Bridgett’s story
My name is Bridgett. I am a 70 year old mother of four adult sons and a grandmother to 4 grand daughters. I am in good physical health but over the past few years my emotional well being and my mental health has been heavily tested.
“…over the past few years my emotional well being and my mental health has been heavily tested.”
My eldest son, unfortunately, is an alcoholic who over the years has suffered significant health problems, so much so that he is unable to walk independently and relies on a wheelchair for mobility. He also has liver cirrhosis and some neurological damage which has reduced his mobility significantly.
I am have been voluntarily helping him for the past 10 years. My son has had several periods of abstinence followed by several serious relapses. Each time he relapses his health declines and each time he relapses my caring duties become heavier.
I support my son in many different ways. When he is drinking he becomes sorrowful and sometimes suicidal and will phone me in tears at all hours. I always respond and try to support him emotionally and mentally. When he is drinking he is less able to do self care or clean his house or cook. I support him by making sure he is presentable as possible, keeping his house clean, cooking and shopping for him. I would make sure I saw him every day. I have also helped him to manage his finances.
On several occasions I have had to ring for an ambulance when he has been very unwell . I thank god I was there on those occasions as he may not have survived. I suppose in that sense I took on the role of safeguarding. I also had and still have regular communications with professionals including support workers and health professionals.
When he is not drinking I still care for him in many ways. I continue to give him emotional support. I help him with his shopping, take him to all his health appointments and to support groups. I also take him to see other family members and friends in order to improve his social interaction so that he does not feel isolated which could make him more vulnerable to relapsing.
In terms of being recognised as a carer a friend suggested that I apply for a carers allowance. This was about one year ago. I never really looked at myself as an unpaid carer rather just a mother who deeply cares for her son. I was amazed at the response that I got. I was told that I qualify as a carer but that I did not qualify for an allowance as I was in receipt of state pension. I found this to be confusing. So although I am retired I did not foresee that my role of caring was not seen as an additional job that one might get paid for. That is if I went to be a carer in a home I would get paid wages regardless of my state pension. However I accepted that this was the case. Manchester City council recognising that I am an unpaid carer do offer me support with my council tax and housing benefit.
In January of this year my son was admitted to Chapman Barker detox unit having relapsed again. I had been beside myself with worry for the preceding months as his ability to do most things was dreadfully impacted. Each day I lived in fear of my son falling as he has had many falls or even dying.
“Each day I lived in fear of my son falling as he has had many falls or even dying.”

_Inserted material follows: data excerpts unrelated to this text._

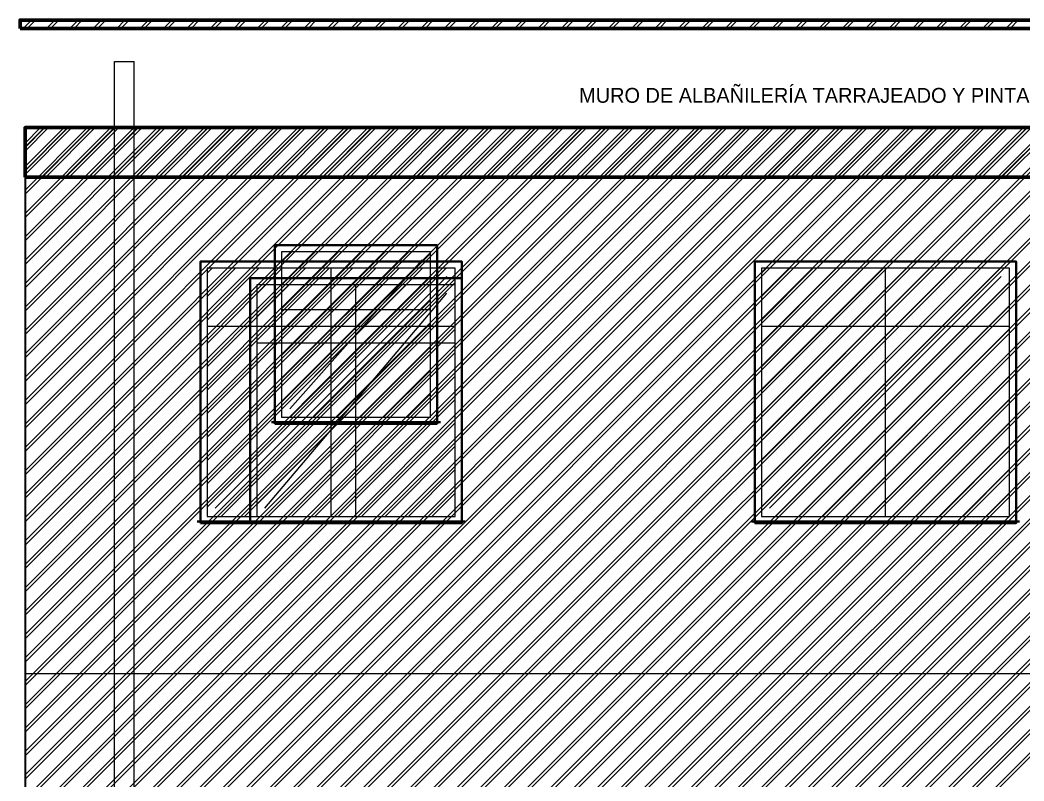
# Model space of a CAD drawing. Header units: metres. Extents: x -1.4 to 41.5, y -29.1 to 7.2.
# Drawn here: x -0.03 to 6.04, y 2.55 to 7.15 of the extents above; entities that cross this region are included whole.
import ezdxf
from ezdxf.enums import TextEntityAlignment as Align

# ---------------------------------------------------------------- set-up
doc = ezdxf.new("R2010")
doc.units = ezdxf.units.M
for name, color, linetype, lineweight in [('carpinteria', 7, 'CONTINUOUS', 25), ('fondo', 7, 'CONTINUOUS', 5), ('hatch', 7, 'CONTINUOUS', 9), ('hormigon', 7, 'CONTINUOUS', 30), ('marco-fino', 7, 'CONTINUOUS', 25), ('marco-medio', 7, 'CONTINUOUS', 40), ('muro-corte', 7, 'CONTINUOUS', 60), ('muro-visto', 7, 'CONTINUOUS', 35), ('sombra', 7, 'CONTINUOUS', 5), ('texto-suave', 7, 'CONTINUOUS', 5), ('vidrio', 7, 'CONTINUOUS', 18)]:
    doc.layers.add(name, color=color, linetype=linetype, lineweight=lineweight)

msp = doc.modelspace()

# ---------------------------------------------------------------- linework, layer by layer
at = {"layer": 'carpinteria'}
for p, q in [((0.54, -0.45), (0.54, 6.9)), ((0.54, 6.9), (0.66, 6.9)), ((0.54, -0.45), (0.54, 6.9)), ((0.54, 6.9), (0.66, 6.9)), ((0.54, -0.45), (0.54, 6.9)), ((0.54, 6.9), (0.66, 6.9)), ((0.54, -0.45), (0.54, 6.9)), ((0.54, 6.9), (0.66, 6.9)), ((0.66, -0.45), (0.66, 6.9)), ((0.66, -0.45), (0.66, 6.9)), ((0.66, -0.45), (0.66, 6.9)), ((0.66, -0.45), (0.66, 6.9)), ((1.85, 4.15), (1.85, 5.65)), ((1.85, 4.15), (1.85, 5.65)), ((5.2, 4.15), (5.2, 5.65)), ((5.2, 4.15), (5.2, 5.65)), ((2, 4.15), (2, 5.55)), ((1.55, 5.4), (2.45, 5.4)), ((1.1, 5.3), (2.6, 5.3)), ((1.1, 5.3), (2.6, 5.3)), ((4.45, 5.3), (5.95, 5.3)), ((4.45, 5.3), (5.95, 5.3)), ((1.4, 5.2), (2.6, 5.2))]:
    msp.add_line(p, q, dxfattribs=at)
for points in [[(1.55, 4.75), (2.45, 4.75), (2.45, 5.75), (1.55, 5.75)], [(1.1, 4.15), (2.6, 4.15), (2.6, 5.65), (1.1, 5.65)], [(1.1, 4.15), (2.6, 4.15), (2.6, 5.65), (1.1, 5.65)], [(4.45, 4.15), (5.95, 4.15), (5.95, 5.65), (4.45, 5.65)], [(4.45, 4.15), (5.95, 4.15), (5.95, 5.65), (4.45, 5.65)], [(1.4, 4.15), (2.6, 4.15), (2.6, 5.55), (1.4, 5.55)]]:
    msp.add_lwpolyline(points, close=True, dxfattribs=at)
at = {"layer": 'fondo'}
for points in [[(1.55, 4.75), (2.45, 4.75), (2.45, 5.75), (1.55, 5.75)], [(1.1, 4.15), (2.6, 4.15), (2.6, 5.65), (1.1, 5.65)], [(1.1, 4.15), (2.6, 4.15), (2.6, 5.65), (1.1, 5.65)], [(4.45, 4.15), (5.95, 4.15), (5.95, 5.65), (4.45, 5.65)], [(4.45, 4.15), (5.95, 4.15), (5.95, 5.65), (4.45, 5.65)], [(1.4, 4.15), (2.6, 4.15), (2.6, 5.55), (1.4, 5.55)]]:
    msp.add_lwpolyline(points, close=True, dxfattribs=at)
at = {"layer": 'hatch'}
for p, q in [((-0.0116, 7.1), (0.0384, 7.15)), ((-0.0116, 7.1), (0.0384, 7.15)), ((0.0133, 7.1), (0.0633, 7.15)), ((0.0133, 7.1), (0.0633, 7.15)), ((0.1298, 7.1), (0.1798, 7.15)), ((0.1298, 7.1), (0.1798, 7.15)), ((0.1548, 7.1), (0.2048, 7.15)), ((0.1548, 7.1), (0.2048, 7.15)), ((0.2712, 7.1), (0.3212, 7.15)), ((0.2712, 7.1), (0.3212, 7.15)), ((0.2962, 7.1), (0.3462, 7.15)), ((0.2962, 7.1), (0.3462, 7.15)), ((0.4126, 7.1), (0.4626, 7.15)), ((0.4126, 7.1), (0.4626, 7.15)), ((0.4376, 7.1), (0.4876, 7.15)), ((0.4376, 7.1), (0.4876, 7.15)), ((0.5541, 7.1), (0.6041, 7.15)), ((0.5541, 7.1), (0.6041, 7.15)), ((0.579, 7.1), (0.629, 7.15)), ((0.579, 7.1), (0.629, 7.15)), ((0.6955, 7.1), (0.7455, 7.15)), ((0.6955, 7.1), (0.7455, 7.15)), ((0.7205, 7.1), (0.7705, 7.15)), ((0.7205, 7.1), (0.7705, 7.15)), ((0.8369, 7.1), (0.8869, 7.15)), ((0.8369, 7.1), (0.8869, 7.15)), ((0.8619, 7.1), (0.9119, 7.15)), ((0.8619, 7.1), (0.9119, 7.15)), ((0.9783, 7.1), (1.0283, 7.15)), ((0.9783, 7.1), (1.0283, 7.15)), ((1.0033, 7.1), (1.0533, 7.15)), ((1.0033, 7.1), (1.0533, 7.15)), ((1.1197, 7.1), (1.1697, 7.15)), ((1.1197, 7.1), (1.1697, 7.15)), ((1.1447, 7.1), (1.1947, 7.15)), ((1.1447, 7.1), (1.1947, 7.15)), ((1.2612, 7.1), (1.3112, 7.15)), ((1.2612, 7.1), (1.3112, 7.15)), ((1.2861, 7.1), (1.3361, 7.15)), ((1.2861, 7.1), (1.3361, 7.15)), ((1.4026, 7.1), (1.4526, 7.15)), ((1.4026, 7.1), (1.4526, 7.15)), ((1.4276, 7.1), (1.4776, 7.15)), ((1.4276, 7.1), (1.4776, 7.15)), ((1.544, 7.1), (1.594, 7.15)), ((1.544, 7.1), (1.594, 7.15)), ((1.569, 7.1), (1.619, 7.15)), ((1.569, 7.1), (1.619, 7.15)), ((1.6854, 7.1), (1.7354, 7.15)), ((1.6854, 7.1), (1.7354, 7.15)), ((1.7104, 7.1), (1.7604, 7.15)), ((1.7104, 7.1), (1.7604, 7.15)), ((1.8268, 7.1), (1.8768, 7.15)), ((1.8268, 7.1), (1.8768, 7.15)), ((1.8518, 7.1), (1.9018, 7.15)), ((1.8518, 7.1), (1.9018, 7.15)), ((1.9683, 7.1), (2.0183, 7.15)), ((1.9683, 7.1), (2.0183, 7.15)), ((1.9932, 7.1), (2.0432, 7.15)), ((1.9932, 7.1), (2.0432, 7.15)), ((2.1097, 7.1), (2.1597, 7.15)), ((2.1097, 7.1), (2.1597, 7.15)), ((2.1347, 7.1), (2.1847, 7.15)), ((2.1347, 7.1), (2.1847, 7.15)), ((2.2511, 7.1), (2.3011, 7.15)), ((2.2511, 7.1), (2.3011, 7.15)), ((2.2761, 7.1), (2.3261, 7.15)), ((2.2761, 7.1), (2.3261, 7.15)), ((2.3925, 7.1), (2.4425, 7.15)), ((2.3925, 7.1), (2.4425, 7.15)), ((2.4175, 7.1), (2.4675, 7.15)), ((2.4175, 7.1), (2.4675, 7.15)), ((2.534, 7.1), (2.584, 7.15)), ((2.534, 7.1), (2.584, 7.15)), ((2.5589, 7.1), (2.6089, 7.15)), ((2.5589, 7.1), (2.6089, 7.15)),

The day I dropped him off at the unit a nurse gave me a pamphlet and it was for me not just for my son. It mentioned carers support and until then I had never reached out to anyone apart from family for support. I got back into the car and buried my head into my hands and just felt this overwhelming surge of weariness . I think I had been on auto pilot for many years. It was then I decided I need to reach out somewhere.
On the 14th of January I called the carers contact point. I was very weepy when talking about my experience. The person on the other end of the phone was so patient and understanding and allowed me to share my thoughts and feelings freely. And although supported by my family, I felt really listened to just from that one phone call.
“On the 14th of January I called the carers contact point. I was very weepy when talking about my experience. The person on the other end of the phone was so patient and understanding and allowed me to share my thoughts and feelings freely.”
Since then I have been assessed formally by my sons social worker. That in itself made me feel that I was valued as his carer. I am I touch with Manchesters carer’ forum who update me with lots of events and activities to consider. But the most important thing for me is I know where and who to reach out to if I need support and help for me. I think what would be really positive is to have a dedicated carer’s helpline that is available seven days a week so that for those who can’t always attend events can have someone to speak to in their hour of need. And that hour of need could be any day in the week. I know that would have helped me on many occasions in the past.
I believe that there needs to be much more publicity about unpaid carers. Information about support and so forth passed on in post offices, libraries, schools, housing associations who could distribute the information to tenants and colleagues. The profile of unpaid carers needs to be raised. After all, without us, many families may not receive the quality of care they need. Unpaid carers do what they do because they really care about their family or friends who need that extra help. I personally will pass on information to anyone I see in a similar situation as myself because that is what helped me.
“I believe that there needs to be much more publicity about unpaid carers…The profile of unpaid carers needs to be raised.”